By observing their morning meetings and asking them to walk through how they discussed patients and updated their records, I began to understand the real process and the urgency they felt in needing fast, high-level summaries of all patients.
Iterative Design Work: Creating a List View for Morning Meetings
Through weekly usability tests and observation of morning meetings, I learned that nurse managers had very limited time to discuss and update patient information. They needed to review every patient on their floor in under an hour. That meant no more than two minutes per patient to both talk about their status and enter updated information. The interface had to support this fast-paced reality.
Based on what I learned, I designed a list view that showed all patients on a unit with clear, consistent formatting. Key discharge details were visible at a glance, and icons indicated status or barriers without requiring a click. The layout minimized scrolling and grouped related information together, so nurse managers could work quickly during their meetings. Each row in the list view became a lightweight snapshot of a patient’s status, designed for clarity, speed, and ease of scanning.

Breaking Up Forms for Easier Entry
The original discharge form had been consolidated into a single, overwhelming screen. I broke it up into logical sections with clearer language, allowing nurse managers to update only what was relevant at the moment.

Flagging Barriers to Discharge
In usability tests, nurse managers consistently emphasized the need to quickly identify and act on the barriers preventing a patient from being discharged. They wanted a way to capture and view these details without losing their place in the list view. Based on this feedback, I designed an overlay screen that could be opened from any patient row. This allowed users to view or enter discharge barriers without navigating away.
The overlay included a short, focused form where users could specify what was preventing discharge and assign responsibility to the appropriate team. This made it easy to escalate issues by routing the request to the caregiver or department that needed to act. Nurse managers used this feature during morning meetings to capture next steps and to follow up on outstanding issues later in the day.

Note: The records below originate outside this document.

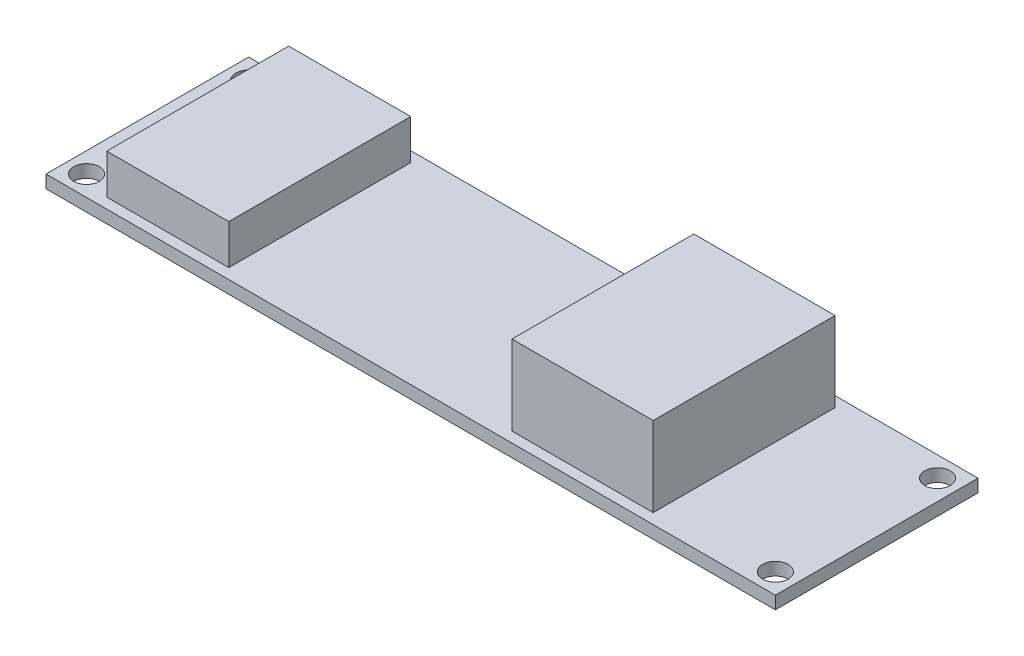
ISO-10303-21;
HEADER;
FILE_DESCRIPTION(('STEP AP214'),'2;1');
FILE_NAME('part.step','',(''),(''),'','','');
FILE_SCHEMA(('AUTOMOTIVE_DESIGN { 1 0 10303 214 1 1 1 1 }'));
ENDSEC;
DATA;
#1=APPLICATION_CONTEXT('core data for automotive mechanical design processes');
#2=APPLICATION_PROTOCOL_DEFINITION('international standard','automotive_design',2000,#1);
#3=PRODUCT_CONTEXT('',#1,'mechanical');
#4=PRODUCT('Part','Part','',(#3));
#5=PRODUCT_RELATED_PRODUCT_CATEGORY('part','',(#4));
#6=PRODUCT_DEFINITION_FORMATION('','',#4);
#7=PRODUCT_DEFINITION_CONTEXT('part definition',#1,'design');
#8=PRODUCT_DEFINITION('design','',#6,#7);
#9=PRODUCT_DEFINITION_SHAPE('','',#8);
#10=(LENGTH_UNIT() NAMED_UNIT(*) SI_UNIT(.MILLI.,.METRE.));
#11=(NAMED_UNIT(*) PLANE_ANGLE_UNIT() SI_UNIT($,.RADIAN.));
#12=(NAMED_UNIT(*) SI_UNIT($,.STERADIAN.) SOLID_ANGLE_UNIT());
#13=UNCERTAINTY_MEASURE_WITH_UNIT(LENGTH_MEASURE(1.E-05),#10,'distance_accuracy_value','');
#14=(GEOMETRIC_REPRESENTATION_CONTEXT(3) GLOBAL_UNCERTAINTY_ASSIGNED_CONTEXT((#13)) GLOBAL_UNIT_ASSIGNED_CONTEXT((#10,
#11,#12)) REPRESENTATION_CONTEXT('',''));
#15=CARTESIAN_POINT('',(0.,0.,0.));
#16=DIRECTION('',(0.,0.,1.));
#17=DIRECTION('',(1.,0.,0.));
#18=AXIS2_PLACEMENT_3D('',#15,#16,#17);
#19=CARTESIAN_POINT('',(0.,1.6,0.));
#20=DIRECTION('',(0.,1.,0.));
#21=DIRECTION('',(0.,0.,1.));
#22=AXIS2_PLACEMENT_3D('',#19,#20,#21);
#23=PLANE('',#22);
#24=CARTESIAN_POINT('',(43.18,1.6,10.16));
#25=DIRECTION('',(0.,1.,0.));
#26=DIRECTION('',(0.,0.,1.));
#27=AXIS2_PLACEMENT_3D('',#24,#25,#26);
#28=CIRCLE('',#27,1.6);
#29=CARTESIAN_POINT('',(43.18,1.6,11.76));
#30=VERTEX_POINT('',#29);
#31=EDGE_CURVE('E187',#30,#30,#28,.T.);
#32=ORIENTED_EDGE('',*,*,#31,.F.);
#33=EDGE_LOOP('',(#32));
#34=FACE_BOUND('',#33,.T.);
#35=CARTESIAN_POINT('',(-43.18,1.6,-10.16));
#36=DIRECTION('',(0.,1.,0.));
#37=DIRECTION('',(0.,0.,1.));
#38=AXIS2_PLACEMENT_3D('',#35,#36,#37);
#39=CIRCLE('',#38,1.6);
#40=CARTESIAN_POINT('',(-43.18,1.6,-8.56));
#41=VERTEX_POINT('',#40);
#42=EDGE_CURVE('E199',#41,#41,#39,.T.);
#43=ORIENTED_EDGE('',*,*,#42,.F.);
#44=EDGE_LOOP('',(#43));
#45=FACE_BOUND('',#44,.T.);
#46=DIRECTION('',(0.,0.,-1.));
#47=VECTOR('',#46,1.);
#48=CARTESIAN_POINT('',(45.72,1.6,-12.7));
#49=LINE('',#48,#47);
#50=CARTESIAN_POINT('',(45.72,1.6,12.7));
#51=VERTEX_POINT('',#50);
#52=CARTESIAN_POINT('',(45.72,1.6,-12.7));
#53=VERTEX_POINT('',#52);
#54=EDGE_CURVE('E205',#51,#53,#49,.T.);
#55=ORIENTED_EDGE('',*,*,#54,.T.);
#56=DIRECTION('',(-1.,0.,0.));
#57=VECTOR('',#56,1.);
#58=CARTESIAN_POINT('',(-45.72,1.6,-12.7));
#59=LINE('',#58,#57);
#60=CARTESIAN_POINT('',(-45.72,1.6,-12.7));
#61=VERTEX_POINT('',#60);
#62=EDGE_CURVE('E208',#53,#61,#59,.T.);
#63=ORIENTED_EDGE('',*,*,#62,.T.);
#64=DIRECTION('',(0.,0.,1.));
#65=VECTOR('',#64,1.);
#66=CARTESIAN_POINT('',(-45.72,1.6,-12.7));
#67=LINE('',#66,#65);
#68=CARTESIAN_POINT('',(-45.72,1.6,12.7));
#69=VERTEX_POINT('',#68);
#70=EDGE_CURVE('E211',#61,#69,#67,.T.);
#71=ORIENTED_EDGE('',*,*,#70,.T.);
#72=DIRECTION('',(1.,0.,0.));
#73=VECTOR('',#72,1.);
#74=CARTESIAN_POINT('',(-45.72,1.6,12.7));
#75=LINE('',#74,#73);
#76=EDGE_CURVE('E213',#69,#51,#75,.T.);
#77=ORIENTED_EDGE('',*,*,#76,.T.);
#78=EDGE_LOOP('',(#55,#63,#71,#77));
#79=FACE_BOUND('',#78,.T.);
#80=CARTESIAN_POINT('',(43.18,1.6,-10.16));
#81=DIRECTION('',(0.,1.,0.));
#82=DIRECTION('',(0.,0.,-1.));
#83=AXIS2_PLACEMENT_3D('',#80,#81,#82);
#84=CIRCLE('',#83,1.6);
#85=CARTESIAN_POINT('',(43.18,1.6,-11.76));
#86=VERTEX_POINT('',#85);
#87=EDGE_CURVE('E193',#86,#86,#84,.T.);
#88=ORIENTED_EDGE('',*,*,#87,.F.);
#89=EDGE_LOOP('',(#88));
#90=FACE_BOUND('',#89,.T.);
#91=CARTESIAN_POINT('',(-43.18,1.6,10.16));
#92=DIRECTION('',(0.,1.,0.));
#93=DIRECTION('',(0.,0.,-1.));
#94=AXIS2_PLACEMENT_3D('',#91,#92,#93);
#95=CIRCLE('',#94,1.6);
#96=CARTESIAN_POINT('',(-43.18,1.6,8.56));
#97=VERTEX_POINT('',#96);
#98=EDGE_CURVE('E181',#97,#97,#95,.T.);
#99=ORIENTED_EDGE('',*,*,#98,.F.);
#100=EDGE_LOOP('',(#99));
#101=FACE_BOUND('',#100,.T.);
#102=DIRECTION('',(1.,0.,0.));
#103=VECTOR('',#102,1.);
#104=CARTESIAN_POINT('',(-39.4,1.6,11.4));
#105=LINE('',#104,#103);
#106=CARTESIAN_POINT('',(-39.4,1.6,11.4));
#107=VERTEX_POINT('',#106);
#108=CARTESIAN_POINT('',(-24.1,1.6,11.4));
#109=VERTEX_POINT('',#108);
#110=EDGE_CURVE('E152',#107,#109,#105,.T.);
#111=ORIENTED_EDGE('',*,*,#110,.F.);
#112=DIRECTION('',(0.,0.,1.));
#113=VECTOR('',#112,1.);
#114=CARTESIAN_POINT('',(-39.4,1.6,-11.4));
#115=LINE('',#114,#113);
#116=CARTESIAN_POINT('',(-39.4,1.6,-11.4));
#117=VERTEX_POINT('',#116);
#118=EDGE_CURVE('E149',#117,#107,#115,.T.);
#119=ORIENTED_EDGE('',*,*,#118,.F.);
#120=DIRECTION('',(-1.,0.,0.));
#121=VECTOR('',#120,1.);
#122=CARTESIAN_POINT('',(-39.4,1.6,-11.4));
#123=LINE('',#122,#121);
#124=CARTESIAN_POINT('',(-24.1,1.6,-11.4));
#125=VERTEX_POINT('',#124);
#126=EDGE_CURVE('E161',#125,#117,#123,.T.);
#127=ORIENTED_EDGE('',*,*,#126,.F.);
#128=DIRECTION('',(0.,0.,-1.));
#129=VECTOR('',#128,1.);
#130=CARTESIAN_POINT('',(-24.1,1.6,-11.4));
#131=LINE('',#130,#129);
#132=EDGE_CURVE('E169',#109,#125,#131,.T.);
#133=ORIENTED_EDGE('',*,*,#132,.F.);
#134=EDGE_LOOP('',(#111,#119,#127,#133));
#135=FACE_BOUND('',#134,.T.);
#136=DIRECTION('',(1.,0.,0.));
#137=VECTOR('',#136,1.);
#138=CARTESIAN_POINT('',(11.4,1.6,11.4));
#139=LINE('',#138,#137);
#140=CARTESIAN_POINT('',(11.4,1.6,11.4));
#141=VERTEX_POINT('',#140);
#142=CARTESIAN_POINT('',(29.1,1.6,11.4));
#143=VERTEX_POINT('',#142);
#144=EDGE_CURVE('E448',#141,#143,#139,.T.);
#145=ORIENTED_EDGE('',*,*,#144,.F.);
#146=DIRECTION('',(0.,0.,1.));
#147=VECTOR('',#146,1.);
#148=CARTESIAN_POINT('',(11.4,1.6,-11.4));
#149=LINE('',#148,#147);
#150=CARTESIAN_POINT('',(11.4,1.6,-11.4));
#151=VERTEX_POINT('',#150);
#152=EDGE_CURVE('E147',#151,#141,#149,.T.);
#153=ORIENTED_EDGE('',*,*,#152,.F.);
#154=DIRECTION('',(-1.,0.,0.));
#155=VECTOR('',#154,1.);
#156=CARTESIAN_POINT('',(11.4,1.6,-11.4));
#157=LINE('',#156,#155);
#158=CARTESIAN_POINT('',(29.1,1.6,-11.4));
#159=VERTEX_POINT('',#158);
#160=EDGE_CURVE('E143',#159,#151,#157,.T.);
#161=ORIENTED_EDGE('',*,*,#160,.F.);
#162=DIRECTION('',(0.,0.,-1.));
#163=VECTOR('',#162,1.);
#164=CARTESIAN_POINT('',(29.1,1.6,-11.4));
#165=LINE('',#164,#163);
#166=EDGE_CURVE('E445',#143,#159,#165,.T.);
#167=ORIENTED_EDGE('',*,*,#166,.F.);
#168=EDGE_LOOP('',(#145,#153,#161,#167));
#169=FACE_BOUND('',#168,.T.);
#170=ADVANCED_FACE('F34',(#34,#45,#79,#90,#101,#135,#169),#23,.T.);
#171=CARTESIAN_POINT('',(0.,0.,0.));
#172=DIRECTION('',(0.,1.,0.));
#173=DIRECTION('',(0.,0.,1.));
#174=AXIS2_PLACEMENT_3D('',#171,#172,#173);
#175=PLANE('',#174);
#176=DIRECTION('',(0.,0.,-1.));
#177=VECTOR('',#176,1.);
#178=CARTESIAN_POINT('',(45.72,0.,-12.7));
#179=LINE('',#178,#177);
#180=CARTESIAN_POINT('',(45.72,0.,12.7));
#181=VERTEX_POINT('',#180);
#182=CARTESIAN_POINT('',(45.72,0.,-12.7));
#183=VERTEX_POINT('',#182);
#184=EDGE_CURVE('E202',#181,#183,#179,.T.);
#185=ORIENTED_EDGE('',*,*,#184,.F.);
#186=DIRECTION('',(1.,0.,0.));
#187=VECTOR('',#186,1.);
#188=CARTESIAN_POINT('',(-45.72,0.,12.7));
#189=LINE('',#188,#187);
#190=CARTESIAN_POINT('',(-45.72,0.,12.7));
#191=VERTEX_POINT('',#190);
#192=EDGE_CURVE('E209',#191,#181,#189,.T.);
#193=ORIENTED_EDGE('',*,*,#192,.F.);
#194=DIRECTION('',(0.,0.,1.));
#195=VECTOR('',#194,1.);
#196=CARTESIAN_POINT('',(-45.72,0.,-12.7));
#197=LINE('',#196,#195);
#198=CARTESIAN_POINT('',(-45.72,0.,-12.7));
#199=VERTEX_POINT('',#198);
#200=EDGE_CURVE('E220',#199,#191,#197,.T.);
#201=ORIENTED_EDGE('',*,*,#200,.F.);
#202=DIRECTION('',(-1.,0.,0.));
#203=VECTOR('',#202,1.);
#204=CARTESIAN_POINT('',(-45.72,0.,-12.7));
#205=LINE('',#204,#203);
#206=EDGE_CURVE('E218',#183,#199,#205,.T.);
#207=ORIENTED_EDGE('',*,*,#206,.F.);
#208=EDGE_LOOP('',(#185,#193,#201,#207));
#209=FACE_BOUND('',#208,.T.);
#210=CARTESIAN_POINT('',(-43.18,0.,-10.16));
#211=DIRECTION('',(0.,1.,0.));
#212=DIRECTION('',(0.,0.,1.));
#213=AXIS2_PLACEMENT_3D('',#210,#211,#212);
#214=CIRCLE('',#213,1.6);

Timeline and Collaboration
The design phase of this project lasted six weeks. During that time, I collaborated closely with the product manager, analysts, and engineers in weekly sprints. Each sprint included new design delivery, internal feedback sessions, and usability testing with hospital staff. This approach helped us shape the right structure and workflows before a single line of code was written. Once the designs were validated, the development team began building the tool based on our shared understanding. Because the design work was grounded in real user feedback, it gave the team a clear path forward and reduced the need for major rework during development.
Outcome
- When the patient flow software was made available, nurse managers reported faster discharge coordination and more efficient morning meetings
- Hospital leaders had improved visibility into systemic discharge barriers
- The tool scaled across multiple hospitals after launch, with minimal training required
What I Learned
This project taught me how important it is to understand the informal workflows that keep hospitals running. While the technical implementation was complex, the biggest gains came from listening closely to the people doing the work and building something that reflected their reality.
Designing in the context of live hospital operations required flexibility, strong collaboration, and a focus on incremental wins. The result was not just a more usable interface, but a shift in how discharge coordination happened across the system.